Cell 4: Create and run the LLaMEA search¶
Now just simply run LLaMEA and see the results.
[34]:
# We'll use a small number of iterations for demonstration
es = LLaMEA(
evaluate,
n_parents=1,
n_offspring=1,
llm=llm,
eval_timeout=120,
task_prompt=task_prompt,
example_prompt=example_prompt,
output_format_prompt=output_format_prompt,
experiment_name="AutoML-example",
elitism=True,
HPO=False,
budget=3,
)
best_solution = es.run()
print(f"Best found solution: {best_solution.name}, Score={best_solution.fitness:.4f}")
print(f"Generated code:\n{best_solution.code}")
print(f"Additional feedback: {best_solution.feedback}")
/usr/local/lib/python3.11/dist-packages/joblib/parallel.py:1383: UserWarning: The backend class 'SequentialBackend' does not support timeout. You have set 'timeout=135' in Parallel but the 'timeout' parameter will not be used.
warnings.warn(
/usr/local/lib/python3.11/dist-packages/joblib/parallel.py:1383: UserWarning: The backend class 'SequentialBackend' does not support timeout. You have set 'timeout=135' in Parallel but the 'timeout' parameter will not be used.
warnings.warn(
/usr/local/lib/python3.11/dist-packages/joblib/parallel.py:1383: UserWarning: The backend class 'SequentialBackend' does not support timeout. You have set 'timeout=135' in Parallel but the 'timeout' parameter will not be used.
warnings.warn(
Best found solution: StackingEnsemble, Score=0.9790
Generated code:
import numpy as np
import sklearn
from sklearn.model_selection import StratifiedKFold
from sklearn.preprocessing import StandardScaler
from sklearn.linear_model import LogisticRegression
from sklearn.svm import SVC
from sklearn.tree import DecisionTreeClassifier
from sklearn.ensemble import VotingClassifier
from sklearn.pipeline import Pipeline
class StackingEnsemble:
"""
A stacking ensemble of Logistic Regression, SVM, and Decision Tree classifiers,
using cross-validation for robust performance.
"""
def __init__(self, X, y):
self.train(X, y)
def train(self, X, y):
# Define the base models
lr = LogisticRegression(solver='liblinear', random_state=42, C=0.1)

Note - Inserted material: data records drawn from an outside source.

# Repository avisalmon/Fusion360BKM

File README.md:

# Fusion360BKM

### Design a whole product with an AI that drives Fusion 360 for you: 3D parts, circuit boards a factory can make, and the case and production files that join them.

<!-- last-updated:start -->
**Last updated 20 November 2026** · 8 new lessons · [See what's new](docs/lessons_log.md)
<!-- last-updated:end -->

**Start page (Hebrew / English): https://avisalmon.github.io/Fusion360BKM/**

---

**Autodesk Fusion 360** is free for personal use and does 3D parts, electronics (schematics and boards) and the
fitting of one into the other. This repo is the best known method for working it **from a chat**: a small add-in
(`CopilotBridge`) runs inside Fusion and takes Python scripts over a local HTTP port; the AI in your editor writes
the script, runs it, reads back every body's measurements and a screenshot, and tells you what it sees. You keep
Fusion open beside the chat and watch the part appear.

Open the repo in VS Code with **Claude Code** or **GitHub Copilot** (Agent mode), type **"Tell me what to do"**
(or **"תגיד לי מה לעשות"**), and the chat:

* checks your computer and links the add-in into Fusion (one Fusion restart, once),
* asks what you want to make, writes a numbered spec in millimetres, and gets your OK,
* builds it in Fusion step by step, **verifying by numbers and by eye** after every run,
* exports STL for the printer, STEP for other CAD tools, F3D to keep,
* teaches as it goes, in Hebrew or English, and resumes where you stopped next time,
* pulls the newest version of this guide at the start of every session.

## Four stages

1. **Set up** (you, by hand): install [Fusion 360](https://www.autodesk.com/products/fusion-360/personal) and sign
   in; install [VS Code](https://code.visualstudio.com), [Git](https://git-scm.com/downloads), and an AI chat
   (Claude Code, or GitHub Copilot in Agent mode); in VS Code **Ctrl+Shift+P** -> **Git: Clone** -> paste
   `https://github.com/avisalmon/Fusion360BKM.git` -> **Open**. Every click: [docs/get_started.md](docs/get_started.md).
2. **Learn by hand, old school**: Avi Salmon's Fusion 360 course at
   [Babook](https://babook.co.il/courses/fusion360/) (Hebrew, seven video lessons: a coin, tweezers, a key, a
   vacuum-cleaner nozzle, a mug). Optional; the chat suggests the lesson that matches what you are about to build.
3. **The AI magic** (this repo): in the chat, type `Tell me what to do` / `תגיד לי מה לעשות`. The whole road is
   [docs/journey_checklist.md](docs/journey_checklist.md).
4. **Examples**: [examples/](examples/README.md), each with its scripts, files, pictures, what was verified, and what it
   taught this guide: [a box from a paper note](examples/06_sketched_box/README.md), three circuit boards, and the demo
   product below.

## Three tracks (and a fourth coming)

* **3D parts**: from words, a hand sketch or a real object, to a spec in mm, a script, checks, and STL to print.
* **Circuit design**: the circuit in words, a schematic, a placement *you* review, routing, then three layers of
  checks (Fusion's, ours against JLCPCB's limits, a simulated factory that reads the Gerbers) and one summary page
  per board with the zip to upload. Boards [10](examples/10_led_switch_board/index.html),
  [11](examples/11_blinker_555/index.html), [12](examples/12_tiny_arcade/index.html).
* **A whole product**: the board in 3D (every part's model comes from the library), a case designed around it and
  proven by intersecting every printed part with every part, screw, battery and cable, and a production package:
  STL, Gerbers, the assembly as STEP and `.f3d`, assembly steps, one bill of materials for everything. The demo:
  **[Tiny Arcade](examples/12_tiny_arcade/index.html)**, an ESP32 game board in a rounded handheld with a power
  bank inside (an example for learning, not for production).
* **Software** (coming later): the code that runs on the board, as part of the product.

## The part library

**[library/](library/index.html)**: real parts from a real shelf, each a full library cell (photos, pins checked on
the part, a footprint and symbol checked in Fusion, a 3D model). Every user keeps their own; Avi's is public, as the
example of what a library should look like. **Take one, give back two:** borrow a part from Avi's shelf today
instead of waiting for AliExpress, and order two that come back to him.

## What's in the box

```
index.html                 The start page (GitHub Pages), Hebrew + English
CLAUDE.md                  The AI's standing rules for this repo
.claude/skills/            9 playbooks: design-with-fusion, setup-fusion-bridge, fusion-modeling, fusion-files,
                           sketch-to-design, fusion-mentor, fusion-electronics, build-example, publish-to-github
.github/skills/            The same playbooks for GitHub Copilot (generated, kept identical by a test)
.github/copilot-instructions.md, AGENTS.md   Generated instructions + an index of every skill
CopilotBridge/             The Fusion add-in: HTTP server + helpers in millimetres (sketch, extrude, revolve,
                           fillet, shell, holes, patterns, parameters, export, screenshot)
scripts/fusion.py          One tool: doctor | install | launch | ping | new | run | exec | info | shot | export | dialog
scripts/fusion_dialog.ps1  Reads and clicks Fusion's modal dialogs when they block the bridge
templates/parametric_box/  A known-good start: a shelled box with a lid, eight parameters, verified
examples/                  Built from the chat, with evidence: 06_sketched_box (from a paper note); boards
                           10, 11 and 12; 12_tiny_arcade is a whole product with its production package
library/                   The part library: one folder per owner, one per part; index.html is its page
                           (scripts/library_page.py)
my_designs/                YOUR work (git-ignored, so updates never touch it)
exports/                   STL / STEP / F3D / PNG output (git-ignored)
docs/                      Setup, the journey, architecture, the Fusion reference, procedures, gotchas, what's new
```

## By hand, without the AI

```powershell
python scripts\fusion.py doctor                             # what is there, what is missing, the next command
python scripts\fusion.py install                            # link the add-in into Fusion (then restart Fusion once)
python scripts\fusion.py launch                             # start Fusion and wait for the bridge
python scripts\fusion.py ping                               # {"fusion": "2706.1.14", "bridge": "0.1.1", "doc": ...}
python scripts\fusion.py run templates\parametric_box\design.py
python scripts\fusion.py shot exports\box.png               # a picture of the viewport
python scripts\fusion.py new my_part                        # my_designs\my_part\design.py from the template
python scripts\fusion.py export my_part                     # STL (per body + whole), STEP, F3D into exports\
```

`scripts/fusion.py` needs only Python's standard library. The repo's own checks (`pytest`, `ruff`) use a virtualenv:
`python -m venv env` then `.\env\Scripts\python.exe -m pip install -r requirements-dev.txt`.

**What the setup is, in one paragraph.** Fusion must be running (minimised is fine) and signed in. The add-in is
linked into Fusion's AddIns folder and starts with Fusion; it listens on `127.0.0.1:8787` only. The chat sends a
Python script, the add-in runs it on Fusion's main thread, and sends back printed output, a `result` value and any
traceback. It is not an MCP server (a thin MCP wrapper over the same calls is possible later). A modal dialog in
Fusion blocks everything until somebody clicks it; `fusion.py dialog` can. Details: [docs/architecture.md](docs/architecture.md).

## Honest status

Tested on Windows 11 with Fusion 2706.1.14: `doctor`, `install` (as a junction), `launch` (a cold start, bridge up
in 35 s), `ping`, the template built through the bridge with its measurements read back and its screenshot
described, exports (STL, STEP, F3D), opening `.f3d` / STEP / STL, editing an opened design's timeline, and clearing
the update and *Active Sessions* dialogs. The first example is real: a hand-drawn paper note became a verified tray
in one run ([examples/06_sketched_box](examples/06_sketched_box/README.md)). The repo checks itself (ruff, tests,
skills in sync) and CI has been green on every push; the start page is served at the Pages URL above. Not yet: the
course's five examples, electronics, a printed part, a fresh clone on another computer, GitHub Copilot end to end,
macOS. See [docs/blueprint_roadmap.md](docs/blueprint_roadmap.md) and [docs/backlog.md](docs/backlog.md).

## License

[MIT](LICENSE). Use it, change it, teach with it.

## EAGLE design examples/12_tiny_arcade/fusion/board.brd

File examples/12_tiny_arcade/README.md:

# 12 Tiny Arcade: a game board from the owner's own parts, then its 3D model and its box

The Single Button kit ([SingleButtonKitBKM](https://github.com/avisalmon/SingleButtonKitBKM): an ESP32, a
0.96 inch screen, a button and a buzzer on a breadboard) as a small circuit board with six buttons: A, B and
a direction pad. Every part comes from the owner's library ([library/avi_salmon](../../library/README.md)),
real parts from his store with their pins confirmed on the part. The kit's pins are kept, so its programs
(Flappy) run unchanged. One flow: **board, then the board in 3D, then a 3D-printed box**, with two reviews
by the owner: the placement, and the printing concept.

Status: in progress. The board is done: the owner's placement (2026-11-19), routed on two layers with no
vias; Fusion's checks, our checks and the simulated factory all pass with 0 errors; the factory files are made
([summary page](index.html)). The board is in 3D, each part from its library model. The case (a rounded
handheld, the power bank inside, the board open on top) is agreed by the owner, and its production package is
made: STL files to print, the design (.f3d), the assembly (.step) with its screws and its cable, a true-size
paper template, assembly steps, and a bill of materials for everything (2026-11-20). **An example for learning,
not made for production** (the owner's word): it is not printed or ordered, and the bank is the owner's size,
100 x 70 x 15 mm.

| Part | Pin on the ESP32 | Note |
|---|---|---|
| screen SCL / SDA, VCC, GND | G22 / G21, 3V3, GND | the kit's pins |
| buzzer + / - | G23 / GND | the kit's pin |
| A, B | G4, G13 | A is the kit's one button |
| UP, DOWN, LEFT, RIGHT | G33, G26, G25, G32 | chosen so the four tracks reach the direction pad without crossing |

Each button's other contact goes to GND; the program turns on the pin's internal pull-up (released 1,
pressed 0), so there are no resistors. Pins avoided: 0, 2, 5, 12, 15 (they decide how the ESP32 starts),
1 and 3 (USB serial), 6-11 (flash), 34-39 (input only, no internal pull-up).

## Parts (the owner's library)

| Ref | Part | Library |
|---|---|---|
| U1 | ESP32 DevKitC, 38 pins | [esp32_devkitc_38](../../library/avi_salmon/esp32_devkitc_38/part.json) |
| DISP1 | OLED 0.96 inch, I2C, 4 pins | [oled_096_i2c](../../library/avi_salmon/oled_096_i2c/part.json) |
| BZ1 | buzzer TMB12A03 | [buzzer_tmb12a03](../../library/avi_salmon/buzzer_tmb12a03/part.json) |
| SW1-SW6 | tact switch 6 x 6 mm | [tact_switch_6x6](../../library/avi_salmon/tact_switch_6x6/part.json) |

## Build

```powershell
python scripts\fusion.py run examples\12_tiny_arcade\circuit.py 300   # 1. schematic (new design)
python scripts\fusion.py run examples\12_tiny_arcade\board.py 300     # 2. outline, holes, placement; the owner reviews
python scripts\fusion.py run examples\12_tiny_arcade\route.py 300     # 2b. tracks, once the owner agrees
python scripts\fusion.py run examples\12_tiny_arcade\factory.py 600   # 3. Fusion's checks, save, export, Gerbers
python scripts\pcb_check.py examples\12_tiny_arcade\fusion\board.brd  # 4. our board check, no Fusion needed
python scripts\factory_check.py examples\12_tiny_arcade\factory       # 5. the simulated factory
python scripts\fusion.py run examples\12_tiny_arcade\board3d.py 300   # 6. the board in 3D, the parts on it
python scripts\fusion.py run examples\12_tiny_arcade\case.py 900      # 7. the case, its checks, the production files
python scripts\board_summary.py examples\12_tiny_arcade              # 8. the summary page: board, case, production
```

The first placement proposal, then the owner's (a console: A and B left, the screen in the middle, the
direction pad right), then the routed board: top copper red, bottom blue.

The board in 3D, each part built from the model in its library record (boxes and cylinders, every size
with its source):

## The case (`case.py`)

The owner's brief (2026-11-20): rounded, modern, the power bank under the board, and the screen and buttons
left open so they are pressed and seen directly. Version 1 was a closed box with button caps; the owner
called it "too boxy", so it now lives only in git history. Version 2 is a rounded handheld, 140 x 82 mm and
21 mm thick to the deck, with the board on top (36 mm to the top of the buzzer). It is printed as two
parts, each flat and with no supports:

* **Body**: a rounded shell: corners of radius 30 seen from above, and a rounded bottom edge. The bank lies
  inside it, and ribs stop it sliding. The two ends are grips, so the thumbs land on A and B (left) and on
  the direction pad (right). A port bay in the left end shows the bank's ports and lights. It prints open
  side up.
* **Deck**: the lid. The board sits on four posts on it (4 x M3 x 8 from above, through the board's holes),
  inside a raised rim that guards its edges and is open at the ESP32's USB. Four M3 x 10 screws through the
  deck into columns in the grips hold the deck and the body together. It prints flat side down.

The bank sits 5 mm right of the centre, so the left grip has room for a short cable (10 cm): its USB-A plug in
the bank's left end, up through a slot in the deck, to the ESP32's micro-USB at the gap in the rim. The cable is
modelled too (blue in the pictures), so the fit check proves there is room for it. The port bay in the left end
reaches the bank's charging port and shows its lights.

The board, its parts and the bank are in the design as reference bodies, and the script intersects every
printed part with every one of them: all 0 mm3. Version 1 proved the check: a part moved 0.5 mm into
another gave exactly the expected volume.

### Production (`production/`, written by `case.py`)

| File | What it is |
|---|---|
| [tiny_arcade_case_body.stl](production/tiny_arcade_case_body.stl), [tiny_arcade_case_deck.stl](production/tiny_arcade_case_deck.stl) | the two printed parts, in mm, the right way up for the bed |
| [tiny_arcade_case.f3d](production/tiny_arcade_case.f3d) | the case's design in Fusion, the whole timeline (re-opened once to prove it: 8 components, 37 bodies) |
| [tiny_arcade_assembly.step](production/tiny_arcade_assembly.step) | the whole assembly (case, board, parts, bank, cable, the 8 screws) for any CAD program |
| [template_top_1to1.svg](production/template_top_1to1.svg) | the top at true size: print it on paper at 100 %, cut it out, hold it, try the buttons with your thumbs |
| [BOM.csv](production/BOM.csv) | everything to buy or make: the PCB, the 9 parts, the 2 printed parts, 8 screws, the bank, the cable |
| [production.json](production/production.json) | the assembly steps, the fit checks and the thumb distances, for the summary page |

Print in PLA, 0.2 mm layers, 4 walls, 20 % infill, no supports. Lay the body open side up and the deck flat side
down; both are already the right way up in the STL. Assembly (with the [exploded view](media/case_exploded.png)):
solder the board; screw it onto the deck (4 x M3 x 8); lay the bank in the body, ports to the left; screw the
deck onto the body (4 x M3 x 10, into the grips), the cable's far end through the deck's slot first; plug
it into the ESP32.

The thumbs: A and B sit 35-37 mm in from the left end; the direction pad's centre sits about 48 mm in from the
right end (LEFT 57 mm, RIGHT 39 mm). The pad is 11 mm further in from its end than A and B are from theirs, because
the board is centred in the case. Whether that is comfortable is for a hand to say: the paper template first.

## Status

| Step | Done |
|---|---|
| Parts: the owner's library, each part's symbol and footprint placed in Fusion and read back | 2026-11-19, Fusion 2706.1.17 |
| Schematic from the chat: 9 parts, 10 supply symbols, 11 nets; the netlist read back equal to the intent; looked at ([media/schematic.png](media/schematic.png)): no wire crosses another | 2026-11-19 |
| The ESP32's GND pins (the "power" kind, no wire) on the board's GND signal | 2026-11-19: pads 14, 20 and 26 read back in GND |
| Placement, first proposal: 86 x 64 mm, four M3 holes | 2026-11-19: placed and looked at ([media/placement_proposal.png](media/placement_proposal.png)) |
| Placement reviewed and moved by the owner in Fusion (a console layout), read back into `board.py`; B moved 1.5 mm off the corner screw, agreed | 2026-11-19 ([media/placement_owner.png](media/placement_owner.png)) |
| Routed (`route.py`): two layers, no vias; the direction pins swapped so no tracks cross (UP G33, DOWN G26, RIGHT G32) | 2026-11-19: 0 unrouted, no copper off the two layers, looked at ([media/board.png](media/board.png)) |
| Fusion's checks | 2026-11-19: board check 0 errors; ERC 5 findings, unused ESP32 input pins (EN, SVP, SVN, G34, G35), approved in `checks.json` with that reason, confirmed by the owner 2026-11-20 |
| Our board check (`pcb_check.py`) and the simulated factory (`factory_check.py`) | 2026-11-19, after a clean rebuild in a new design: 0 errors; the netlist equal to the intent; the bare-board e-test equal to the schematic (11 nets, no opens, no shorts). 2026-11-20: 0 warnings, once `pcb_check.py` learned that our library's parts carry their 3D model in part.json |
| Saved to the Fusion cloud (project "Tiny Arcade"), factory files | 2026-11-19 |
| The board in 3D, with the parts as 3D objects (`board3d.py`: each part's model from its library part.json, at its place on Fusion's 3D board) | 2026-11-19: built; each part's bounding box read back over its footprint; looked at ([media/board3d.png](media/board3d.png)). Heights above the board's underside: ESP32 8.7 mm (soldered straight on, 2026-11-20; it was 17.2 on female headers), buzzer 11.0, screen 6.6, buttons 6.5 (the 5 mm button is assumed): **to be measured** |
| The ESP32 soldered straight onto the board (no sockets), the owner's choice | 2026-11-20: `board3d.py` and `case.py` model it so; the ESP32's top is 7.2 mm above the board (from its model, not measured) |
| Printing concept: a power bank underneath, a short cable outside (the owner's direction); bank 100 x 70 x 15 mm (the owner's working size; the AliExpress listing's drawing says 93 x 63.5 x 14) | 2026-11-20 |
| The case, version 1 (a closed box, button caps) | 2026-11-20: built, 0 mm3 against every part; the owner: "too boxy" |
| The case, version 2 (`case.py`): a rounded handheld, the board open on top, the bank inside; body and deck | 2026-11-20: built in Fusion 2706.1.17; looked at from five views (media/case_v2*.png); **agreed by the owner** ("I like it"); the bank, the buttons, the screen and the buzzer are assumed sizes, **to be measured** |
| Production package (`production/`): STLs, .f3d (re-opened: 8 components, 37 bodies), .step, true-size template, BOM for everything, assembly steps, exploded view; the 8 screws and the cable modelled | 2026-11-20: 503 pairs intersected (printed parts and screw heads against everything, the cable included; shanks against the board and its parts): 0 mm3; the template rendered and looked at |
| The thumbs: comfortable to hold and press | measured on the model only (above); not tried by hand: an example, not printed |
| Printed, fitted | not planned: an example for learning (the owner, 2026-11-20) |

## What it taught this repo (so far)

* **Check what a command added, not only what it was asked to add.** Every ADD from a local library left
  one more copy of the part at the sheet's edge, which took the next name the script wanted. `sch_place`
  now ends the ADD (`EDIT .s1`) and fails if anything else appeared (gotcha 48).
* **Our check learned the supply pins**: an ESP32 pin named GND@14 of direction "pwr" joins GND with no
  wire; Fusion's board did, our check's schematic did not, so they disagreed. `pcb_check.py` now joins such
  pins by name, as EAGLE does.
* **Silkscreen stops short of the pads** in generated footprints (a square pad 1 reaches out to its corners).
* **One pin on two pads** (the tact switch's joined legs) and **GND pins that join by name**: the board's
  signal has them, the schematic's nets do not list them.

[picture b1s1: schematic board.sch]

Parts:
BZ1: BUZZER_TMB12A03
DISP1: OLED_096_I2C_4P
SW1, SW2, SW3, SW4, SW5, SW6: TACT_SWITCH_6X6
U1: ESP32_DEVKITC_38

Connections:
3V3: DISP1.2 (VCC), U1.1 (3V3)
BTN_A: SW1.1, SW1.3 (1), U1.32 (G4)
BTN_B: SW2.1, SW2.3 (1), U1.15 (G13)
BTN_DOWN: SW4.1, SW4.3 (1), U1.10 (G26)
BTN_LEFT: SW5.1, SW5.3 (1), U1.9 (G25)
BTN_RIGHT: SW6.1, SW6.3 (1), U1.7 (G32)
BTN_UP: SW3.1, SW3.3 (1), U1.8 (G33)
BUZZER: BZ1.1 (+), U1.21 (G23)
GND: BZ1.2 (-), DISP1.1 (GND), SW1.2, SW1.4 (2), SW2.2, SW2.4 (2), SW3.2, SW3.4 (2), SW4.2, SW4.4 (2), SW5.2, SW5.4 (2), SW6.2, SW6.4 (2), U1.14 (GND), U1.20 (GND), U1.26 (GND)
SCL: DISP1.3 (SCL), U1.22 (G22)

svm = SVC(probability=True, random_state=42, kernel='rbf', C=1) # Enable probability estimates
dt = DecisionTreeClassifier(random_state=42, max_depth=5)
# Create a voting classifier (soft voting)
estimators = [('lr', lr), ('svm', svm), ('dt', dt)]
self.ensemble = VotingClassifier(estimators=estimators, voting='soft')
# Create a pipeline with scaling and the ensemble
self.pipeline = Pipeline([
('scaler', StandardScaler()),
('ensemble', self.ensemble)
])
# Train the ensemble using cross-validation
self.pipeline.fit(X, y)
def __call__(self, X):
# Predict using the trained pipeline
return self.pipeline.predict(X)
Additional feedback: The algorithm StackingEnsemble scored 0.979 on accuracy (higher is better, 1.0 is the best).